The active proposal has the enthusiastic support of all the digital pathology vendors who are members of Working Group 26, including Aperio, Bacus, Bioimagene, Dako, DMetrix, Hamamatsu, Olympus, Omnyx, and Zeiss, as well as the PACS vendors such as GE and Philips.  This proposal encapsulates a digital slide as a conceptual pyramid of images, at various resolutions, each of which may be broken into one or more rectangular tiles.  Each tile of each image in the pyramid is stored as a separate image in a DICOM series. The following diagram illustrates:

Dicomimage_6

This works around the key limitations of DICOM quite nicely.  Because only individual tiles are stored, the size of the overall image object is no longer material, only that each tile be within the pixel dimension and object size limits of DICOM.  And because individual tiles are addressable as separate images, using defined DICOM protocols, random access to sub-regions of the pyramid is supported (for panning).  Having multiple levels in the pyramid at several resolutions supports the need to access images at varying resolutions (for zooming).

The proposed supplement is vender-neutral and does provide substantial scope for individual vendors to optimize their implementations, which is important for the early days of a new field.  Advances in access mechanisms, image formats, compression types, etc. may well occur, and easily can be incorporated into the scheme.  The supplement also supports JPEG2000 image objects and JPIP access to those objects as a proper subset, for vendors who wish to make use of that access mechanism.

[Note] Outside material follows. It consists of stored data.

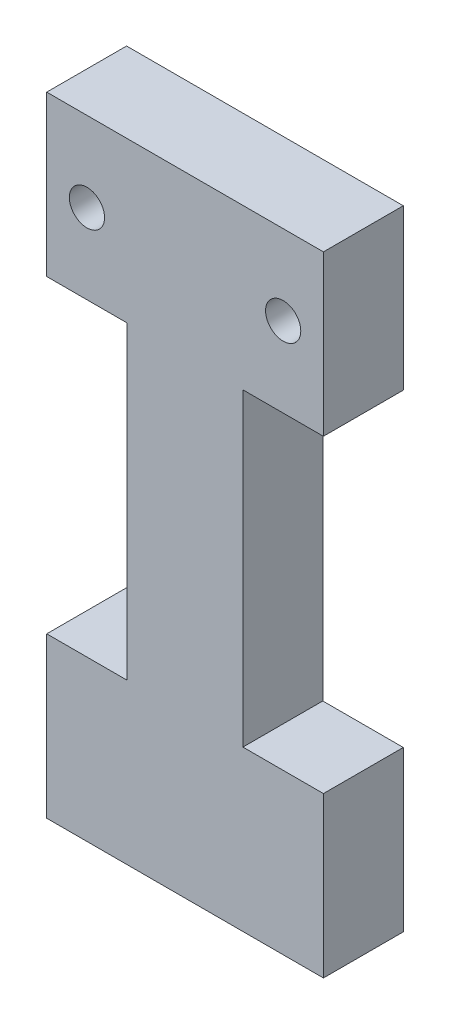
ISO-10303-21;
HEADER;
FILE_DESCRIPTION(('STEP AP214'),'2;1');
FILE_NAME('part.step','',(''),(''),'','','');
FILE_SCHEMA(('AUTOMOTIVE_DESIGN { 1 0 10303 214 1 1 1 1 }'));
ENDSEC;
DATA;
#1=APPLICATION_CONTEXT('core data for automotive mechanical design processes');
#2=APPLICATION_PROTOCOL_DEFINITION('international standard','automotive_design',2000,#1);
#3=PRODUCT_CONTEXT('',#1,'mechanical');
#4=PRODUCT('Part','Part','',(#3));
#5=PRODUCT_RELATED_PRODUCT_CATEGORY('part','',(#4));
#6=PRODUCT_DEFINITION_FORMATION('','',#4);
#7=PRODUCT_DEFINITION_CONTEXT('part definition',#1,'design');
#8=PRODUCT_DEFINITION('design','',#6,#7);
#9=PRODUCT_DEFINITION_SHAPE('','',#8);
#10=(LENGTH_UNIT() NAMED_UNIT(*) SI_UNIT(.MILLI.,.METRE.));
#11=(NAMED_UNIT(*) PLANE_ANGLE_UNIT() SI_UNIT($,.RADIAN.));
#12=(NAMED_UNIT(*) SI_UNIT($,.STERADIAN.) SOLID_ANGLE_UNIT());
#13=UNCERTAINTY_MEASURE_WITH_UNIT(LENGTH_MEASURE(1.E-05),#10,'distance_accuracy_value','');
#14=(GEOMETRIC_REPRESENTATION_CONTEXT(3) GLOBAL_UNCERTAINTY_ASSIGNED_CONTEXT((#13)) GLOBAL_UNIT_ASSIGNED_CONTEXT((#10,
#11,#12)) REPRESENTATION_CONTEXT('',''));
#15=CARTESIAN_POINT('',(0.,0.,0.));
#16=DIRECTION('',(0.,0.,1.));
#17=DIRECTION('',(1.,0.,0.));
#18=AXIS2_PLACEMENT_3D('',#15,#16,#17);
#19=CARTESIAN_POINT('',(0.,-25.,6.35));
#20=DIRECTION('',(0.,1.,0.));
#21=DIRECTION('',(-1.,0.,0.));
#22=AXIS2_PLACEMENT_3D('',#19,#20,#21);
#23=PLANE('',#22);
#24=DIRECTION('',(1.,0.,0.));
#25=VECTOR('',#24,1.);
#26=CARTESIAN_POINT('',(0.,-25.,0.));
#27=LINE('',#26,#25);
#28=CARTESIAN_POINT('',(-11.,-25.,0.));
#29=VERTEX_POINT('',#28);
#30=CARTESIAN_POINT('',(11.,-25.,0.));
#31=VERTEX_POINT('',#30);
#32=EDGE_CURVE('E166',#29,#31,#27,.T.);
#33=ORIENTED_EDGE('',*,*,#32,.T.);
#34=DIRECTION('',(0.,0.,-1.));
#35=VECTOR('',#34,1.);
#36=CARTESIAN_POINT('',(11.,-25.,6.35));
#37=LINE('',#36,#35);
#38=CARTESIAN_POINT('',(11.,-25.,6.35));
#39=VERTEX_POINT('',#38);
#40=EDGE_CURVE('E11',#39,#31,#37,.T.);
#41=ORIENTED_EDGE('',*,*,#40,.F.);
#42=DIRECTION('',(1.,0.,0.));
#43=VECTOR('',#42,1.);
#44=CARTESIAN_POINT('',(0.,-25.,6.35));
#45=LINE('',#44,#43);
#46=CARTESIAN_POINT('',(-11.,-25.,6.35));
#47=VERTEX_POINT('',#46);
#48=EDGE_CURVE('E202',#47,#39,#45,.T.);
#49=ORIENTED_EDGE('',*,*,#48,.F.);
#50=DIRECTION('',(0.,0.,-1.));
#51=VECTOR('',#50,1.);
#52=CARTESIAN_POINT('',(-11.,-25.,6.35));
#53=LINE('',#52,#51);
#54=EDGE_CURVE('E53',#47,#29,#53,.T.);
#55=ORIENTED_EDGE('',*,*,#54,.T.);
#56=EDGE_LOOP('',(#33,#41,#49,#55));
#57=FACE_BOUND('',#56,.T.);
#58=ADVANCED_FACE('F37',(#57),#23,.F.);
#59=CARTESIAN_POINT('',(11.,0.,6.35));
#60=DIRECTION('',(-1.,0.,0.));
#61=DIRECTION('',(0.,-1.,0.));
#62=AXIS2_PLACEMENT_3D('',#59,#60,#61);
#63=PLANE('',#62);
#64=DIRECTION('',(0.,1.,0.));
#65=VECTOR('',#64,1.);
#66=CARTESIAN_POINT('',(11.,0.,0.));
#67=LINE('',#66,#65);
#68=CARTESIAN_POINT('',(11.,-12.3,0.));
#69=VERTEX_POINT('',#68);
#70=EDGE_CURVE('E168',#31,#69,#67,.T.);
#71=ORIENTED_EDGE('',*,*,#70,.T.);
#72=DIRECTION('',(0.,0.,-1.));
#73=VECTOR('',#72,1.);
#74=CARTESIAN_POINT('',(11.,-12.3,6.35));
#75=LINE('',#74,#73);
#76=CARTESIAN_POINT('',(11.,-12.3,6.35));
#77=VERTEX_POINT('',#76);
#78=EDGE_CURVE('E45',#77,#69,#75,.T.);
#79=ORIENTED_EDGE('',*,*,#78,.F.);
#80=DIRECTION('',(0.,1.,0.));
#81=VECTOR('',#80,1.);
#82=CARTESIAN_POINT('',(11.,0.,6.35));
#83=LINE('',#82,#81);
#84=EDGE_CURVE('E104',#39,#77,#83,.T.);
#85=ORIENTED_EDGE('',*,*,#84,.F.);
#86=ORIENTED_EDGE('',*,*,#40,.T.);
#87=EDGE_LOOP('',(#71,#79,#85,#86));
#88=FACE_BOUND('',#87,.T.);
#89=ADVANCED_FACE('F225',(#88),#63,.F.);
#90=CARTESIAN_POINT('',(0.,-12.3,6.35));
#91=DIRECTION('',(0.,1.,0.));
#92=DIRECTION('',(0.,0.,1.));
#93=AXIS2_PLACEMENT_3D('',#90,#91,#92);
#94=PLANE('',#93);
#95=DIRECTION('',(1.,0.,0.));
#96=VECTOR('',#95,1.);
#97=CARTESIAN_POINT('',(0.,-12.3,0.));
#98=LINE('',#97,#96);
#99=CARTESIAN_POINT('',(4.6,-12.3,0.));
#100=VERTEX_POINT('',#99);
#101=EDGE_CURVE('E171',#100,#69,#98,.T.);
#102=ORIENTED_EDGE('',*,*,#101,.F.);
#103=DIRECTION('',(0.,0.,-1.));
#104=VECTOR('',#103,1.);
#105=CARTESIAN_POINT('',(4.6,-12.3,6.35));
#106=LINE('',#105,#104);
#107=CARTESIAN_POINT('',(4.6,-12.3,6.35));
#108=VERTEX_POINT('',#107);
#109=EDGE_CURVE('E218',#108,#100,#106,.T.);
#110=ORIENTED_EDGE('',*,*,#109,.F.);
#111=DIRECTION('',(1.,0.,0.));
#112=VECTOR('',#111,1.);
#113=CARTESIAN_POINT('',(0.,-12.3,6.35));
#114=LINE('',#113,#112);
#115=EDGE_CURVE('E224',#108,#77,#114,.T.);
#116=ORIENTED_EDGE('',*,*,#115,.T.);
#117=ORIENTED_EDGE('',*,*,#78,.T.);
#118=EDGE_LOOP('',(#102,#110,#116,#117));
#119=FACE_BOUND('',#118,.T.);
#120=ADVANCED_FACE('F222',(#119),#94,.T.);
#121=CARTESIAN_POINT('',(4.6,0.,6.35));
#122=DIRECTION('',(-1.,0.,0.));
#123=DIRECTION('',(0.,-1.,0.));
#124=AXIS2_PLACEMENT_3D('',#121,#122,#123);
#125=PLANE('',#124);
#126=DIRECTION('',(0.,1.,0.));
#127=VECTOR('',#126,1.);
#128=CARTESIAN_POINT('',(4.6,0.,0.));
#129=LINE('',#128,#127);
#130=CARTESIAN_POINT('',(4.6,12.3,0.));
#131=VERTEX_POINT('',#130);
#132=EDGE_CURVE('E174',#100,#131,#129,.T.);
#133=ORIENTED_EDGE('',*,*,#132,.T.);
#134=DIRECTION('',(0.,0.,-1.));
#135=VECTOR('',#134,1.);
#136=CARTESIAN_POINT('',(4.6,12.3,6.35));
#137=LINE('',#136,#135);
#138=CARTESIAN_POINT('',(4.6,12.3,6.35));
#139=VERTEX_POINT('',#138);
#140=EDGE_CURVE('E215',#139,#131,#137,.T.);
#141=ORIENTED_EDGE('',*,*,#140,.F.);
#142=DIRECTION('',(0.,1.,0.));
#143=VECTOR('',#142,1.);
#144=CARTESIAN_POINT('',(4.6,0.,6.35));
#145=LINE('',#144,#143);
#146=EDGE_CURVE('E244',#108,#139,#145,.T.);
#147=ORIENTED_EDGE('',*,*,#146,.F.);
#148=ORIENTED_EDGE('',*,*,#109,.T.);
#149=EDGE_LOOP('',(#133,#141,#147,#148));
#150=FACE_BOUND('',#149,.T.);
#151=ADVANCED_FACE('F234',(#150),#125,.F.);
#152=CARTESIAN_POINT('',(0.,12.3,6.35));
#153=DIRECTION('',(0.,1.,0.));
#154=DIRECTION('',(0.,0.,1.));
#155=AXIS2_PLACEMENT_3D('',#152,#153,#154);
#156=PLANE('',#155);
#157=DIRECTION('',(1.,0.,0.));
#158=VECTOR('',#157,1.);
#159=CARTESIAN_POINT('',(0.,12.3,0.));
#160=LINE('',#159,#158);
#161=CARTESIAN_POINT('',(11.,12.3,0.));
#162=VERTEX_POINT('',#161);
#163=EDGE_CURVE('E176',#131,#162,#160,.T.);
#164=ORIENTED_EDGE('',*,*,#163,.T.);
#165=DIRECTION('',(0.,0.,-1.));
#166=VECTOR('',#165,1.);
#167=CARTESIAN_POINT('',(11.,12.3,6.35));
#168=LINE('',#167,#166);
#169=CARTESIAN_POINT('',(11.,12.3,6.35));
#170=VERTEX_POINT('',#169);
#171=EDGE_CURVE('E213',#170,#162,#168,.T.);
#172=ORIENTED_EDGE('',*,*,#171,.F.);
#173=DIRECTION('',(1.,0.,0.));
#174=VECTOR('',#173,1.);
#175=CARTESIAN_POINT('',(0.,12.3,6.35));
#176=LINE('',#175,#174);
#177=EDGE_CURVE('E240',#139,#170,#176,.T.);
#178=ORIENTED_EDGE('',*,*,#177,.F.);
#179=ORIENTED_EDGE('',*,*,#140,.T.);
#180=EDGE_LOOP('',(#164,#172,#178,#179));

The state of this effort is that the proposal has been made and discussed, and approved.  The next step is to convert the proposal into the formal language of a DICOM supplement, and then work with NEMA Working Group 6, the standing committee which oversees all supplements to the DICOM standard, to get this supplement approved and incorporated.  After that individual digital pathology vendors will begin implementing the standard, fostering inter-operability among themselves, and PACS vendors will adopt the new standard into their systems, and begin deploying it to their large hospital and lab customers."